HOW TO COMPLETE THIS TASK =>
Provide again, from the entries below, every line from the one containing "values from neighbouring" through the one containing "ServedRefineId : Outport", exactly as written, and no other line.

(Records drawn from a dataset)
++++++++++

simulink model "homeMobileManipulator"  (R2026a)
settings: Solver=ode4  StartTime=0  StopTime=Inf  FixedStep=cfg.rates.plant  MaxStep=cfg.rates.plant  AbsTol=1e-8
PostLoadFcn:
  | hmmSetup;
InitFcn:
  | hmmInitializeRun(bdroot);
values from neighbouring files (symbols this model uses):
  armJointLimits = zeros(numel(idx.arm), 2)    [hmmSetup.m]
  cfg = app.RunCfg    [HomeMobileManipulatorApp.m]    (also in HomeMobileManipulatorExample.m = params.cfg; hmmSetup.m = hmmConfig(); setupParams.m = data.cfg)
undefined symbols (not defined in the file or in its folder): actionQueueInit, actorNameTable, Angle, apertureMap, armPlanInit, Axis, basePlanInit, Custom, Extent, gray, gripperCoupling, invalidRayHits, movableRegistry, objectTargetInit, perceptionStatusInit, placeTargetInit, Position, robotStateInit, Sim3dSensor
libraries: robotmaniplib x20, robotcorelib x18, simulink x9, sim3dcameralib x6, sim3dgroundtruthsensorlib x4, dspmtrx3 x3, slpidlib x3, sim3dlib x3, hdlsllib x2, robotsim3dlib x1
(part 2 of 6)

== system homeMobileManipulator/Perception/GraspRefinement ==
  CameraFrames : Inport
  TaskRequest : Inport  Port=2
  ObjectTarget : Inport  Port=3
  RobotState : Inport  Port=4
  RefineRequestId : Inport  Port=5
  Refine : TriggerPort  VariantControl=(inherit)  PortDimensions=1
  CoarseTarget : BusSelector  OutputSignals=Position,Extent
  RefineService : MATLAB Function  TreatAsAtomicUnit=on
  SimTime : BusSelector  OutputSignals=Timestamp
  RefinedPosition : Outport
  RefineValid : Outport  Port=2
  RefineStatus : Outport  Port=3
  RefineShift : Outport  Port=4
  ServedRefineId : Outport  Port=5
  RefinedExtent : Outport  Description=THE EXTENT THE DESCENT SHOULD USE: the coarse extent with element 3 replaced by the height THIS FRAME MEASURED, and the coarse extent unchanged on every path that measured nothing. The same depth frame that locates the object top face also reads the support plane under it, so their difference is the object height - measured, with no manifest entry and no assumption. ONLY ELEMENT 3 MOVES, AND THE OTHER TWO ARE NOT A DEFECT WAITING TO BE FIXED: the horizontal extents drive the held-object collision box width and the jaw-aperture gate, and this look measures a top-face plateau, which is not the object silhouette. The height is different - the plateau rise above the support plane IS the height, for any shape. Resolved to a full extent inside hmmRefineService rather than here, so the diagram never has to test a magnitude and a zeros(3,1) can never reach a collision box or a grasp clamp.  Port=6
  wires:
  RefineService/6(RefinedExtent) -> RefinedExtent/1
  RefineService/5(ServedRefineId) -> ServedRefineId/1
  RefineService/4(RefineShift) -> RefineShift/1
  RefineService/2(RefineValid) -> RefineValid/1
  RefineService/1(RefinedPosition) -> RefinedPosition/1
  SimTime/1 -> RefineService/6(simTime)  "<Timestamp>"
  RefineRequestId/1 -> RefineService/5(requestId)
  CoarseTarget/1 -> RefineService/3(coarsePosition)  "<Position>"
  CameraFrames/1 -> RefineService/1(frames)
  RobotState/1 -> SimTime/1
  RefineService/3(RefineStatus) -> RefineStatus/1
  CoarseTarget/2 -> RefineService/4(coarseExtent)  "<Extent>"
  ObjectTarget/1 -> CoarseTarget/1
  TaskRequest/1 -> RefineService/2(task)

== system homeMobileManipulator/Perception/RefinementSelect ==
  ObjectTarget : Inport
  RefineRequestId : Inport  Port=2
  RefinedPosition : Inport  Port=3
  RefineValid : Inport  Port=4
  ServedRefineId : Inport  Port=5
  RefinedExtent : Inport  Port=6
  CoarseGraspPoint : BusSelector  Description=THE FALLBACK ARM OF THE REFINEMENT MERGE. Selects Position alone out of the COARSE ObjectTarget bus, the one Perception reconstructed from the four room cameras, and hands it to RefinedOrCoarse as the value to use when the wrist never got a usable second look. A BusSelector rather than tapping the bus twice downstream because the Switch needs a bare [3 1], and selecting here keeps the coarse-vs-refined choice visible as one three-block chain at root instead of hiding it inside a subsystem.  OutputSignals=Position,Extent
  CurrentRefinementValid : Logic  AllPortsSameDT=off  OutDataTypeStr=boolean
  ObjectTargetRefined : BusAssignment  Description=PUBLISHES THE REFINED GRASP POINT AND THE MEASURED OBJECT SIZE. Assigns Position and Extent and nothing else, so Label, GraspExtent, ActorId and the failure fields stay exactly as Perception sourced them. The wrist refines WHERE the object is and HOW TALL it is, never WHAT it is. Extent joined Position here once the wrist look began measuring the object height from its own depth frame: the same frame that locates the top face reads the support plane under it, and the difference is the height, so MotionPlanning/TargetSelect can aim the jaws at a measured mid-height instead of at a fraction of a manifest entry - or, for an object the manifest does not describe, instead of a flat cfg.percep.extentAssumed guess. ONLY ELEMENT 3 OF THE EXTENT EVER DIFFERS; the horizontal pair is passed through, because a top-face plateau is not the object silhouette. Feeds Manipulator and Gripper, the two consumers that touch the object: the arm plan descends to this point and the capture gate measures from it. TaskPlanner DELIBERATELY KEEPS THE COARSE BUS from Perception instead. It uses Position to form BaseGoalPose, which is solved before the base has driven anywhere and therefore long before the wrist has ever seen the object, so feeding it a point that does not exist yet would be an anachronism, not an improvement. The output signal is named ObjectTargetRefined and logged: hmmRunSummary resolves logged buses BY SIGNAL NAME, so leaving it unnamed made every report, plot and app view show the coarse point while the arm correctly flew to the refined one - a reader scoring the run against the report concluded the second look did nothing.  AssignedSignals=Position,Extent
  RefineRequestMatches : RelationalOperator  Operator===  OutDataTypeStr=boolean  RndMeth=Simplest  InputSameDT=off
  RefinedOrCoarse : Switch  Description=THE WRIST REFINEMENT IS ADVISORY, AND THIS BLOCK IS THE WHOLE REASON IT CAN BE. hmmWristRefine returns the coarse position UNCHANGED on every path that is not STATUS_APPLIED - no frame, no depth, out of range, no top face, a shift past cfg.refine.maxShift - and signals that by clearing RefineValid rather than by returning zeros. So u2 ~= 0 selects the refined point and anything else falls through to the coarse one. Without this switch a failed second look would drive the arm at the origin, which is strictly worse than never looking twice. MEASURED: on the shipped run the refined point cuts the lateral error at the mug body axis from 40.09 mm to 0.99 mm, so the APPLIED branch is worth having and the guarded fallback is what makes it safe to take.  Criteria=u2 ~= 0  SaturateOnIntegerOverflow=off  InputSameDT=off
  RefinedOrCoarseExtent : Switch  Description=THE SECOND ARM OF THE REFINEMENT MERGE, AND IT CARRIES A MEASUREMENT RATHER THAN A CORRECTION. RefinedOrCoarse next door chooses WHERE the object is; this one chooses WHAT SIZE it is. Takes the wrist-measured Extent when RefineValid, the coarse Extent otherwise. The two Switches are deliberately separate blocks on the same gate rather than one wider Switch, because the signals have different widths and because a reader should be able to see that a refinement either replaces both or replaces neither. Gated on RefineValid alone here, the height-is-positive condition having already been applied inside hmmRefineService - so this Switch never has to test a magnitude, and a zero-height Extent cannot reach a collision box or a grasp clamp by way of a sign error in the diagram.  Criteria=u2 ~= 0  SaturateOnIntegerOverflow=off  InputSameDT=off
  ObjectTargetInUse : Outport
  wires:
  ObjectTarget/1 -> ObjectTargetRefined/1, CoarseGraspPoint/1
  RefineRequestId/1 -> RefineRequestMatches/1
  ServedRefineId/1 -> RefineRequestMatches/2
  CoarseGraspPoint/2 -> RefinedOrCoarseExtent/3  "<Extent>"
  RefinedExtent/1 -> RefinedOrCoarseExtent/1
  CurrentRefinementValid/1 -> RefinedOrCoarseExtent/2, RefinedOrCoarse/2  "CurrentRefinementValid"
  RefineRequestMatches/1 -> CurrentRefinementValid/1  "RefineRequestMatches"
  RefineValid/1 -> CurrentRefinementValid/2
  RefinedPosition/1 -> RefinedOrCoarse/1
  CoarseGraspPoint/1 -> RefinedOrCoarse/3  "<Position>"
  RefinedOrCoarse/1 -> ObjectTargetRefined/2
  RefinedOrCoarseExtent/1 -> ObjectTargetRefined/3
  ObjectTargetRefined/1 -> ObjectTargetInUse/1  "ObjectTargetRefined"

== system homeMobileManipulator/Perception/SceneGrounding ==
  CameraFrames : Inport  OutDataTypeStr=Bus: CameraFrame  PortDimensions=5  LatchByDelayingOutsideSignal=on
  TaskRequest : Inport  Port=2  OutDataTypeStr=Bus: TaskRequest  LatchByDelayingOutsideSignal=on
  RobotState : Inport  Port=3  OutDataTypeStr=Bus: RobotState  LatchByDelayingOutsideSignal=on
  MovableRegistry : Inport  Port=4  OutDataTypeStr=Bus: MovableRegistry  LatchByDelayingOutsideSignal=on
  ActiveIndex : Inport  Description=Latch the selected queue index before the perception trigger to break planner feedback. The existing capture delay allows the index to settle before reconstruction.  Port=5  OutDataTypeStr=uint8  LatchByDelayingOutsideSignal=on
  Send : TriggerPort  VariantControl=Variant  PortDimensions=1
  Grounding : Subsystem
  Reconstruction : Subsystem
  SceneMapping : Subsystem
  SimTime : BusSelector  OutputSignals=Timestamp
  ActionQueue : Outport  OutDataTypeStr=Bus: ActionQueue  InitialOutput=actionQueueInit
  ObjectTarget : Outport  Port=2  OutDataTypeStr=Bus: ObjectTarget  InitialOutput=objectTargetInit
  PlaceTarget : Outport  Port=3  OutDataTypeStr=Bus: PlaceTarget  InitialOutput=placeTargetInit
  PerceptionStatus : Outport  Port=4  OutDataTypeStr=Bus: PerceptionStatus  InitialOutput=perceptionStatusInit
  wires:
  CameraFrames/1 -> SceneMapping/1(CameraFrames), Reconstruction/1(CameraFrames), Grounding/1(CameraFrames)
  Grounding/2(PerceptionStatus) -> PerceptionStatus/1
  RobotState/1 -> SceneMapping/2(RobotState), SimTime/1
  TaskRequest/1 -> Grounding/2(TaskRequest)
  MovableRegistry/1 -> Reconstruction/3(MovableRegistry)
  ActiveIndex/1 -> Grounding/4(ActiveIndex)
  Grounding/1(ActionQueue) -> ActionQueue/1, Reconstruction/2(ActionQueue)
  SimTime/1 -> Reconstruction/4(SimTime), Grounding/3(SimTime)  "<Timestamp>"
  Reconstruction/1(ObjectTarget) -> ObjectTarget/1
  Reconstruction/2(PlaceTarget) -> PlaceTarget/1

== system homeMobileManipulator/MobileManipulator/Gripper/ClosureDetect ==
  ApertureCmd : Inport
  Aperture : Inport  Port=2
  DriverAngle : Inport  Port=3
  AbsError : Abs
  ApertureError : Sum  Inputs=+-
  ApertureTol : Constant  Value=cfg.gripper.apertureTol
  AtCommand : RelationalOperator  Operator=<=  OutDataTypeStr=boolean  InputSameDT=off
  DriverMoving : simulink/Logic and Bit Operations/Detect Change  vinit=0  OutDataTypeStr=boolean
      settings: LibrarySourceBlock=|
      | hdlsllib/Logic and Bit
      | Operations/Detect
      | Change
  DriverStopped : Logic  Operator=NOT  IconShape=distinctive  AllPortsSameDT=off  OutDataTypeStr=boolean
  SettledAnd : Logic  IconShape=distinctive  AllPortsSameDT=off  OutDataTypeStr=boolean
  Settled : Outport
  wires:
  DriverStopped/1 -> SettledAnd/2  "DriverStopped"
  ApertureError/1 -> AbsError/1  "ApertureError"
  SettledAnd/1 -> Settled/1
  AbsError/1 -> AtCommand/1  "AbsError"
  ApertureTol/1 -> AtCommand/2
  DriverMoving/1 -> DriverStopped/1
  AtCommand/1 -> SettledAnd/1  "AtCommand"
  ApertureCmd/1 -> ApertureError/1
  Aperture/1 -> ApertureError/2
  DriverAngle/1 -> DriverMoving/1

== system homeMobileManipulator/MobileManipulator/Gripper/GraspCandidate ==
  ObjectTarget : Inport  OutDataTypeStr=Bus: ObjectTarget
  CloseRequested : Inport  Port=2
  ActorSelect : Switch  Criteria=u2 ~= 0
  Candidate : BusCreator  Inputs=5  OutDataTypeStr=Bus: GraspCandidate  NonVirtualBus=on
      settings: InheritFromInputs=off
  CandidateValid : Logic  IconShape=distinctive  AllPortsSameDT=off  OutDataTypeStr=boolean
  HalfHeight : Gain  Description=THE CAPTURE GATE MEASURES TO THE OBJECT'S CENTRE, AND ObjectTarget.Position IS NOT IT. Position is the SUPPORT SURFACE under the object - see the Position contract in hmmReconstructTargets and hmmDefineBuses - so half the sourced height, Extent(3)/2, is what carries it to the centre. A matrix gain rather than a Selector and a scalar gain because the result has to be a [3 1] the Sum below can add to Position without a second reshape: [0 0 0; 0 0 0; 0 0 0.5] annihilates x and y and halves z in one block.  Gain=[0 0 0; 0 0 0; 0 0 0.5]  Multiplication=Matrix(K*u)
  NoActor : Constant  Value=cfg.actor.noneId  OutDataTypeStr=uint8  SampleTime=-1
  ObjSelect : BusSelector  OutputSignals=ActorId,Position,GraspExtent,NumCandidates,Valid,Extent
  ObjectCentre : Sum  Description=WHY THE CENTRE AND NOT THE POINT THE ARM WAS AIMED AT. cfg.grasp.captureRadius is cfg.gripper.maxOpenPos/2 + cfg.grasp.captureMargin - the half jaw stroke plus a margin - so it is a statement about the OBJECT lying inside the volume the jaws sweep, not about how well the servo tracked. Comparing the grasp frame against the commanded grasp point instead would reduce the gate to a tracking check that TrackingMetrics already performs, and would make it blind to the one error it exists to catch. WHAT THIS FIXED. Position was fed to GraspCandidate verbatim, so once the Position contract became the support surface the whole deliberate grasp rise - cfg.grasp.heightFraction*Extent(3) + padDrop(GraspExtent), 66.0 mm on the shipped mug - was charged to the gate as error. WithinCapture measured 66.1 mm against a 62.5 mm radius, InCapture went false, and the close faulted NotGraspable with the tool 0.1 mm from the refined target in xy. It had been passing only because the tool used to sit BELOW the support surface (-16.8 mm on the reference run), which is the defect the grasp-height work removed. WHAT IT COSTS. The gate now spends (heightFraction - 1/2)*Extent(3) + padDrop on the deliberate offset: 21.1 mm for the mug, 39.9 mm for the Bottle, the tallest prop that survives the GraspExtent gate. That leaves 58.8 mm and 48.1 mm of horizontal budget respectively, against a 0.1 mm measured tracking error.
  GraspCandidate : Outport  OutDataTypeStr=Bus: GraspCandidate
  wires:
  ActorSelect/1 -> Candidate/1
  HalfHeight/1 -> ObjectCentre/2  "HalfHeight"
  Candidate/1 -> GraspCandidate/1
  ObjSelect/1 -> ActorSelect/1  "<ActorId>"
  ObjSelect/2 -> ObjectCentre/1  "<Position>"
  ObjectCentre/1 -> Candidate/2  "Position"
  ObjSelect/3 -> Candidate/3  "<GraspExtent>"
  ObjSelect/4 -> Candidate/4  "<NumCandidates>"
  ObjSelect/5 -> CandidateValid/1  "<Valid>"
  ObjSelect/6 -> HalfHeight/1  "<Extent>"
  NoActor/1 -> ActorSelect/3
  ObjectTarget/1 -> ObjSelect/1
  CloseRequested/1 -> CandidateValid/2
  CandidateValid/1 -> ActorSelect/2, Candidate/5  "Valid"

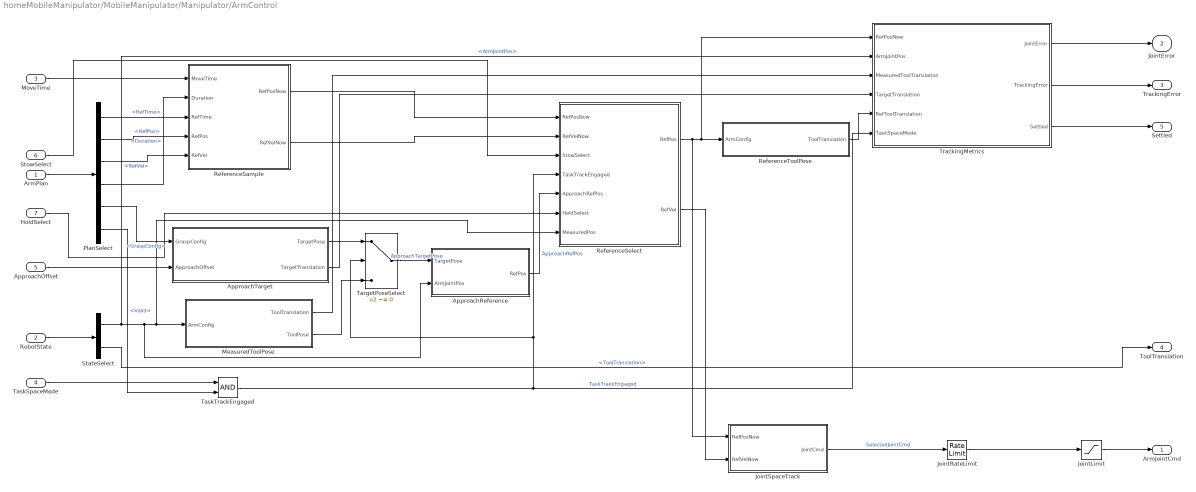
== system homeMobileManipulator/MobileManipulator/Manipulator/ArmControl ==
  ArmPlan : Inport
  RobotState : Inport  Port=2
  MoveTime : Inport  Port=3
  TaskSpaceMode : Inport  Port=4
  ApproachOffset : Inport  Port=5
  StowSelect : Inport  Port=6
  HoldSelect : Inport  Port=7
  ApproachReference : Subsystem  Description=|
      | The joint REFERENCE for a constrained approach or retreat, solved by inverse kinematics that is SEEDED WITH THE MEASURED CONFIGURATION.
      | 
      | WHY THIS EXISTS, AND WHAT IT REPLACES. ArmControl used to carry a second tracker - a Task Space Motion Model - and ModeSelect switched the joint COMMAND between it and JointSpaceTrack on TaskTrackEngaged. Both motion models integrate their own configuration from cfg.arm.stowConfig at t = 0, always, and nothing ever reconciled them. Feeding the task-space model the MEASURED TOOL POSE while it was disengaged was an attempt at bumpless transfer, and it cannot work: a tool pose does not determine a configuration. Measured on the 20 s run, the task-space model free-ran for 6.8 s and settled on a different IK branch - elbow sign-flipped and wrist-3 off by very nearly pi - 4.467 rad from where the arm actually was. ModeSelect handed that branch to JointRateLimit, which ramped toward it at cfg.arm.jointVelMax, the tool error passed cfg.safety.trackErrMax 0.15 s later, and Retreating's tracking guard reported ArmPlanFailed for a plan that had been tracked to 3.4 mm.
      | 
      | SO THERE IS NOW ONE INTEGRATOR. JointSpaceTrack is the only tracker; approach and retreat produce a REFERENCE for it instead of a competing command. TargetPoseSelect is kept and still feeds the approach target when engaged and the measured tool pose when not, but it now feeds an IK solve rather than a motion model - and THE SEED IS WHAT MAKES THAT SOUND. Seeding with the measured configuration pins the solution to the branch the arm is already on, so at the instant of engagement the target is the grasp pose at zero offset, the seed is the current configuration, and the answer is the current configuration. Continuity is a property of the construction rather than something to be hoped for.
  ApproachTarget : Subsystem
  JointLimit : Saturate  UpperLimit=armJointLimits(:,2)  LowerLimit=armJointLimits(:,1)
  JointRateLimit : RateLimiter  RisingSlewLimit=cfg.arm.jointVelMax'  FallingSlewLimit=-cfg.arm.jointVelMax'  SampleTimeMode=inherited  InitialCondition=cfg.arm.stowConfig'
  JointSpaceTrack : Subsystem
  MeasuredToolPose : Subsystem
  PlanSelect : BusSelector  OutputSignals=RefTime,RefPos,RefVel,Duration,GraspConfig,Valid
  ReferenceSample : Subsystem
  ReferenceSelect : Subsystem
  ReferenceToolPose : Subsystem
  StateSelect : BusSelector  OutputSignals=ArmJointPos,ToolTranslation
  TargetPoseSelect : Switch  Description=|  Criteria=u2 ~= 0
      | Approach target when engaged, measured tool pose when not.
      | 
      | Kept from the design this replaces, because the intent was right: the branch that is not in control must be commanded to where the arm IS, so that engaging it is not a step. What changed is the consumer. Handing this to a Task Space Motion Model did not work, because that block integrates its own configuration and a pose does not determine one. Handing it to an IK solve seeded with the measured configuration does.
  TaskTrackEngaged : Logic  Description=The task-space tracker is engaged only when the supervisor asks for task-space mode AND the plan it would chase is valid. Both halves are load-bearing. Without the mode term the tracker integrates through every phase of the task; without the Valid term it chases a GraspConfig that is all zeros when planning failed, which for a UR5e is the fully outstretched singular pose, and the operational-space gains are meaningless there.  AllPortsSameDT=off  OutDataTypeStr=boolean
  TrackingMetrics : Subsystem
  ArmJointCmd : Outport
  JointError : Outport  Port=2
  TrackingError : Outport  Port=3
  ToolTranslation : Outport  Port=4
  Settled : Outport  Port=5
  wires:
  JointRateLimit/1 -> JointLimit/1
  TrackingMetrics/2(TrackingError) -> TrackingError/1
  TrackingMetrics/1(JointError) -> JointError/1
  JointSpaceTrack/1(JointCmd) -> JointRateLimit/1  "SelectedJointCmd"
  ReferenceSelect/2(RefVel) -> JointSpaceTrack/2(RefVelNow)
  ReferenceSelect/1(RefPos) -> ReferenceToolPose/1(ArmConfig), TrackingMetrics/1(RefPosNow), JointSpaceTrack/1(RefPosNow)
  HoldSelect/1 -> ReferenceSelect/6(HoldSelect)
  ApproachReference/1(RefPos) -> ReferenceSelect/5(ApproachRefPos)  "ApproachRefPos"
  TargetPoseSelect/1 -> ApproachReference/1(TargetPose)  "ApproachTargetPose"
  MeasuredToolPose/2(ToolPose) -> TargetPoseSelect/3
  MeasuredToolPose/1(ToolTranslation) -> TrackingMetrics/3(MeasuredToolTranslation)
  ApproachTarget/2(TargetTranslation) -> TrackingMetrics/4(TargetTranslation)
  ApproachTarget/1(TargetPose) -> TargetPoseSelect/1
  ReferenceSample/2(RefVelNow) -> ReferenceSelect/2(RefVelNow)
  ReferenceSample/1(RefPosNow) -> ReferenceSelect/1(RefPosNow)
  TaskSpaceMode/1 -> TaskTrackEngaged/1
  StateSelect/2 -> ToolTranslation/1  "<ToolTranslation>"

++++++++++

ANSWER TO THIS PROBLEM =>
values from neighbouring files (symbols this model uses):
  armJointLimits = zeros(numel(idx.arm), 2)    [hmmSetup.m]
  cfg = app.RunCfg    [HomeMobileManipulatorApp.m]    (also in HomeMobileManipulatorExample.m = params.cfg; hmmSetup.m = hmmConfig(); setupParams.m = data.cfg)
undefined symbols (not defined in the file or in its folder): actionQueueInit, actorNameTable, Angle, apertureMap, armPlanInit, Axis, basePlanInit, Custom, Extent, gray, gripperCoupling, invalidRayHits, movableRegistry, objectTargetInit, perceptionStatusInit, placeTargetInit, Position, robotStateInit, Sim3dSensor
libraries: robotmaniplib x20, robotcorelib x18, simulink x9, sim3dcameralib x6, sim3dgroundtruthsensorlib x4, dspmtrx3 x3, slpidlib x3, sim3dlib x3, hdlsllib x2, robotsim3dlib x1
(part 2 of 6)

== system homeMobileManipulator/Perception/GraspRefinement ==
  CameraFrames : Inport
  TaskRequest : Inport  Port=2
  ObjectTarget : Inport  Port=3
  RobotState : Inport  Port=4
  RefineRequestId : Inport  Port=5
  Refine : TriggerPort  VariantControl=(inherit)  PortDimensions=1
  CoarseTarget : BusSelector  OutputSignals=Position,Extent
  RefineService : MATLAB Function  TreatAsAtomicUnit=on
  SimTime : BusSelector  OutputSignals=Timestamp
  RefinedPosition : Outport
  RefineValid : Outport  Port=2
  RefineStatus : Outport  Port=3
  RefineShift : Outport  Port=4
  ServedRefineId : Outport  Port=5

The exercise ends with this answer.